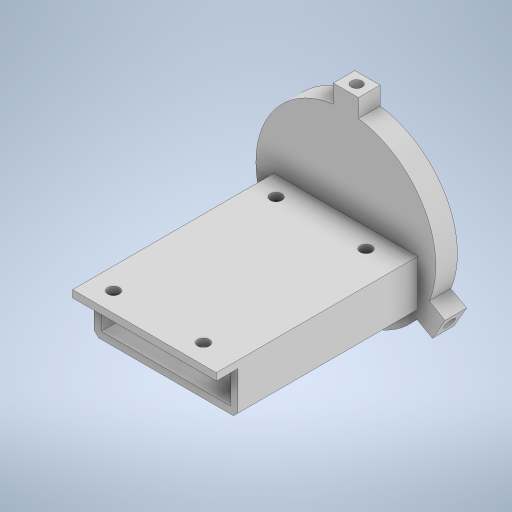
# Autodesk Inventor part: Electronic casing
Saved by Autodesk Inventor 2024 (Build 280153000, 153)
## iProperties
Created: 2024-03-27
Part Number: Electronic casing
Material: Generic
Document SubType Name: Modeling
Designer: auror
Density: 1 g/cm^3
Appearance: Default
Author: auror
Autodesk Inventor part; units mm, degrees
ref_plane "YZ Plane" through (0, 0, 0) normal (1, 0, 0) x (0, 1, 0)
ref_plane "XZ Plane" through (0, 0, 0) normal (0, 1, 0) x (-1, 0, 0)
ref_plane "XY Plane" through (0, 0, 0) normal (0, 0, 1) x (1, 0, 0)
sketch "Sketch2" plane through (0, 0, 0) normal (0, 1, 0) x (-1, 0, 0)
  line L0 (18.5, 28) -> (-21.5, 28)
  line L1 (-21.5, 28) -> (-21.5, -28)
  line L2 (-21.5, -28) -> (18.5, -28)
  line L3 (18.5, -28) -> (18.5, 28)
  point P0 (0, 0)
  point P1 (-21.5, 0)
  point P2 (18.5, 0)
  dimension "d0" = 40
  dimension "d1" = 56
  dimension "d2" = 28
  dimension "d3" = 18.5
  constraints: 8 end point, 2 midpoint, 2 parallel, 1 horizontal, 1 perpendicular
  measures "d0" distance of point (-21.5, 0) point (18.5, 0)
  measures "d1" distance between parallel lines of L2 L0
  measures "d2" distance from line of point (0, 0) L0
  measures "d3" distance from line of L3 point (0, 0)
extrude "Extrusion1" add sketch "Sketch2" along normal blind 2
sketch "Sketch3" plane through (0, 2, 0) normal (0, 1, 0) x (1, 0, 0)
  circle A0 centre (12.5, -22.6) radius 1.6
  circle A1 centre (-12.5, -22.6) radius 1.6
  circle A2 centre (-12.5, 22.6) radius 1.6
  circle A3 centre (12.5, 22.6) radius 1.6
  point P0 (0, 0)
  dimension "d7" = 12.5
  dimension "d8" = 3.2
  dimension "d9" = 3.2
  dimension "d10" = 3.2
  dimension "d11" = 3.2
  dimension "d65" = 25
  dimension "d66" = 25
  dimension "d67" = 45.2
  dimension "d68" = 0
  dimension "d69" = 45.2
  dimension "d70" = 0
  dimension "d71" = 12.5
  dimension "d72" = 22.6
  constraints: 4 centre point, 4 coincident
  measures "d7" horizontal distance of point (0, 0) point (12.5, -22.6)
  measures "d8" diameter of A0
  measures "d9" diameter of A1
  measures "d10" diameter of A2
  measures "d11" diameter of A3
  measures "d65" distance of A3.centre point (-12.5, 22.6)
  measures "d66" distance of A0.centre A1.centre
  measures "d67" distance of A1.centre A2.centre
  measures "d68" horizontal distance of A1.centre A2.centre
  measures "d69" distance of A0.centre A3.centre
  measures "d70" vertical distance of A3.centre A2.centre
  measures "d71" horizontal distance of point (0, 0) A2.centre
  measures "d72" vertical distance of point (0, 0) A3.centre
hole "Hole1" at (12.5, 2, 22.6) at (-12.5, 2, 22.6) at (-12.5, 2, -22.6) at (12.5, 2, -22.6) direction (0, -1, 0) diameter 3.2 end through all
sketch "Sketch4" plane through (21.5, 0, -28) normal (0, 0, -1) x (-1, 0, 0)
  line L0 (20, 27.2049) -> (20, 0.4053) construction
  line L1 (20, 2.2049) -> (7.2369, -5.1639) construction
  line L2 (20, 2.2049) -> (20, 27.2049) construction
  line L3 (20, 2.2049) -> (41.6506, -10.2951) construction
  line L4 (16.5, 32) -> (16.5, 26.9587)
  line L5 (23.5, 32) -> (23.5, 26.9587)
  line L6 (16.5, 32) -> (23.5, 32)
  line L7 (-7.5685, -9.6413) -> (-3.1779, -7.1645)
  line L8 (-4.0623, -15.6999) -> (0.3283, -13.2231)
  line L9 (-7.5685, -9.6413) -> (-4.0623, -15.6999)
  line L10 (43.1867, -7.1428) -> (47.5542, -9.6599)
  line L11 (39.6862, -13.2047) -> (44.0538, -15.7218)
  line L12 (44.0538, -15.7218) -> (47.5542, -9.6599)
  line L13 (20, 2.2049) -> (7.2369, -5.1639) construction
  line L14 (37.68, 12.4124) -> (7.2369, -5.1639) construction
  line L15 (20, 2.2049) -> (20, 27.2049) construction
  line L16 (20, 48.4448) -> (20, 27.2049) construction
  line L17 (20, 2.2049) -> (41.6506, -10.2951) construction
  line L18 (78.0931, -31.3352) -> (41.6506, -10.2951) construction
  arc A0 (0.3283, -13.2231) -> (39.6862, -13.2047) centre (20, 2.2049) ccw
  arc A1 (16.5, 26.9587) -> (-3.1779, -7.1645) centre (20, 2.2049) ccw
  arc A2 (43.1867, -7.1428) -> (23.5, 26.9587) centre (20, 2.2049) ccw
  line L19 (44.9992, 2) -> (-4.9992, 2) construction
  line L20 (40, 2) -> (0, 2) projected
  point P0 (21.5, 0)
  point P1 (-1.867, -14.4615)
  point P2 (41.87, -14.4632)
  point P3 (-5.3732, -8.4029)
  point P4 (23.5, 29.4793)
  point P5 (45.3705, -8.4013)
  point P6 (20, 32)
  dimension "d32" = 7
  dimension "d33" = 7
  dimension "d34" = 7
  dimension "d37" = 3.5
  dimension "d38" = 3.5
  dimension "d39" = 3.5
  dimension "d40" = 5.0414
  dimension "d45" = 120
  dimension "d46" = 120
  dimension "d49" = 5.0414
  dimension "d51" = 5.041
  dimension "d52" = 5.041
  dimension "d53" = 5.041
  dimension "d54" = 5.041
  dimension "d55" = 7
  dimension "d56" = 7
  dimension "d57" = 7
  dimension "d58" = 25
  dimension "d59" = 25
  dimension "d60" = 25
  dimension "d63" = 30
  dimension "d64" = 0
  dimension "d84" = 20
  constraints: 40 end point, 17 point on circle, 6 midpoint, 5 collinear, 3 centre point, 3 point on line, 1 coincident, 1 horizontal, 1 vertical
  measures "d32" distance of point (-1.867, -14.462) point (-5.373, -8.403)
  measures "d33" distance from line of point (23.5, 29.479) L4
  measures "d34" distance of point (45.37, -8.401) point (41.87, -14.463)
  measures "d37" distance from line of L14 point (-1.867, -14.462)
  measures "d38" distance from line of point (23.5, 29.479) L16
  measures "d39" distance from line of L18 point (45.37, -8.401)
  measures "d40" distance of L4.start L4.end
  measures "d45" angle of L17 L2
  measures "d46" angle of L3 L14
  measures "d49" distance of L5.start L5.end
  measures "d51" distance of L7.start L7.end
  measures "d52" distance of L8.start L8.end
  measures "d53" distance of L10.end L10.start
  measures "d54" distance of L11.start L11.end
  measures "d55" distance of L8.end L7.end
  measures "d56" distance of L10.start L11.start
  measures "d57" distance of L5.end L4.end
  measures "d58" radius of A2
  measures "d59" radius of A0
  measures "d60" radius of A1
  measures "d63" distance from line of point (20, 32) L19
  measures "d64" distance between parallel lines of L20 L19
  measures "d84" horizontal distance of A0.centre L20.start
extrude "Extrusion2" add sketch "Sketch4" along normal blind 6
sketch "Sketch5" plane through (21.5, 0, -28) normal (0, 0, 1) x (1, 0, 0)
  circle A0 centre (-20, 2.2049) radius 25 construction
  arc A1 (3.1779, -7.1645) -> (-16.5, 26.9587) centre (-20, 2.2049) ccw projected
  line L0 (-16.5, 32) -> (-16.5, 26.9587) projected
  line L1 (-23.5, 32) -> (-16.5, 32) projected
  line L2 (-23.5, 26.9587) -> (-23.5, 32) projected
  arc A2 (-23.5, 26.9587) -> (-43.1867, -7.1428) centre (-20, 2.2049) ccw projected
  line L3 (-47.5542, -9.6599) -> (-43.1867, -7.1428) projected
  line L4 (-44.0538, -15.7218) -> (-47.5542, -9.6599) projected
  line L5 (-39.6862, -13.2047) -> (-44.0538, -15.7218) projected
  arc A3 (-39.6862, -13.2047) -> (-0.3283, -13.2231) centre (-20, 2.2049) ccw projected
  line L6 (4.0623, -15.6999) -> (-0.3283, -13.2231) projected
  line L7 (7.5685, -9.6413) -> (4.0623, -15.6999) projected
  line L8 (3.1779, -7.1645) -> (7.5685, -9.6413) projected
  arc A4 (3.1779, -7.1645) -> (-16.5, 26.9587) centre (-20, 2.2049) ccw projected
  line L9 (0, 0) -> (0, 2) projected
  line L10 (0, 0) -> (-40, 0) projected
  line L11 (-40, 0) -> (-40, 2) projected
  line L12 (0, 2) -> (-40, 2) projected
  line L13 (-2, 0) -> (-38, 0)
  line L14 (-38, 0) -> (-38, -10)
  line L15 (-38, -10) -> (-2, -10)
  line L16 (-2, -10) -> (-2, 0)
  line L17 (-40, -12) -> (0, -12)
  line L18 (0, -12) -> (0, 0)
  line L19 (0, 0) -> (-40, 0)
  line L20 (-40, 0) -> (-40, -12)
  point P0 (-21.5, 0)
  point P1 (-2, 0)
  dimension "d73" = 50
  dimension "d75" = 18
  dimension "d77" = 18
  dimension "d78" = 10
  dimension "d79" = 0
  dimension "d80" = 2
  dimension "d81" = 2
  dimension "d82" = 0
  dimension "d83" = 2
  constraints: 16 end point, 4 parallel, 2 horizontal, 2 perpendicular, 1 centre point, 1 concentric
  measures "d73" diameter of A0
  measures "d75" horizontal distance of A0.centre L13.start
  measures "d77" horizontal distance of A0.centre L14.end
  measures "d78" distance from line of L10 L14.end
  measures "d79" distance from line of L10 L13.start
  measures "d80" horizontal distance of L14.end L17.start
  measures "d81" horizontal distance of L14.end L17.start
  measures "d82" vertical distance of L13.start L18.end
  measures "d83" distance of L13.start L18.end
extrude "Extrusion3" add sketch "Sketch5" along normal blind 50 contours L18 L17 L20 L10 L14 L15 L16
chamfer "Chamfer1" distance 1.25 angle 45 1 edges at (-18.5, -12, -3)
chamfer "Chamfer2" distance 1.25 angle 45 1 edges at (21.5, -12, -3)
sketch "Sketch6" plane through (-2, 32, -28) normal (0, 1, 0) x (1, 0, 0)
  line L0 (0, 0) -> (7, 0) projected
  line L1 (7, 0) -> (7, 6) projected
  point P0 (2, -28)
  point P1 (3.5, 3)
  point P2 (3.5, 0)
  point P3 (7, 3)
  dimension "d93" = 3
  dimension "d94" = 3.5
  constraints: 2 midpoint
  measures "d93" distance of point (3.5, 0) point (3.5, 3)
  measures "d94" distance of point (3.5, 3) point (7, 3)
hole "Hole2" at (1.5, 32, -31) direction (0, -1, 0) diameter 3 depth 10 tip angle 118 counterbore diameter 4 counterbore depth 0
sketch "Sketch7" plane through (25.5623, -15.6999, -28) normal (0.8655164, -0.5008806, 0) x (0, 0, -1)
  line L0 (0, 0) -> (6, 0) projected
  line L1 (0, 7) -> (0, 0) projected
  point P0 (-28, 0.7848)
  point P1 (3, 3.5)
  point P2 (0, 3.5)
  dimension "d102" = 3.5
  dimension "d103" = 3
  constraints: 1 midpoint
  measures "d102" distance from line of L0 point (3, 3.5)
  measures "d103" distance of point (0, 3.5) point (3, 3.5)
hole "Hole3" at (27.3154, -12.6706, -31) direction (-0.8655164, 0.5008806, 0) diameter 3 depth 10 tip angle 118 counterbore diameter 4 counterbore depth 0
sketch "Sketch8" plane through (-26.0542, -9.6599, -34) normal (-0.8659863, -0.5000677, 0) x (0, 0, 1)
  line L0 (6, -7) -> (6, 0) projected
  line L1 (6, -7) -> (0, -7) projected
  point P0 (34, -4.6635)
  point P1 (3, -3.5)
  dimension "d111" = 3
  dimension "d112" = 3.5
  measures "d111" distance from line of L0 point (3, -3.5)
  measures "d112" distance from line of L1 point (3, -3.5)
hole "Hole4" at (-24.304, -12.6909, -31) direction (0.8659863, 0.5000677, 0) diameter 3 depth 10 tip angle 118 counterbore diameter 4 counterbore depth 0
body "Solid1"

* * * * * * *

* [WHAT YOU NEED TO DO]: The lines to report are those in the material above that contain the word "perpendicular"; copy every one of them.

* [WORKED SOLUTION]:
  constraints: 8 end point, 2 midpoint, 2 parallel, 1 horizontal, 1 perpendicular
  constraints: 16 end point, 4 parallel, 2 horizontal, 2 perpendicular, 1 centre point, 1 concentric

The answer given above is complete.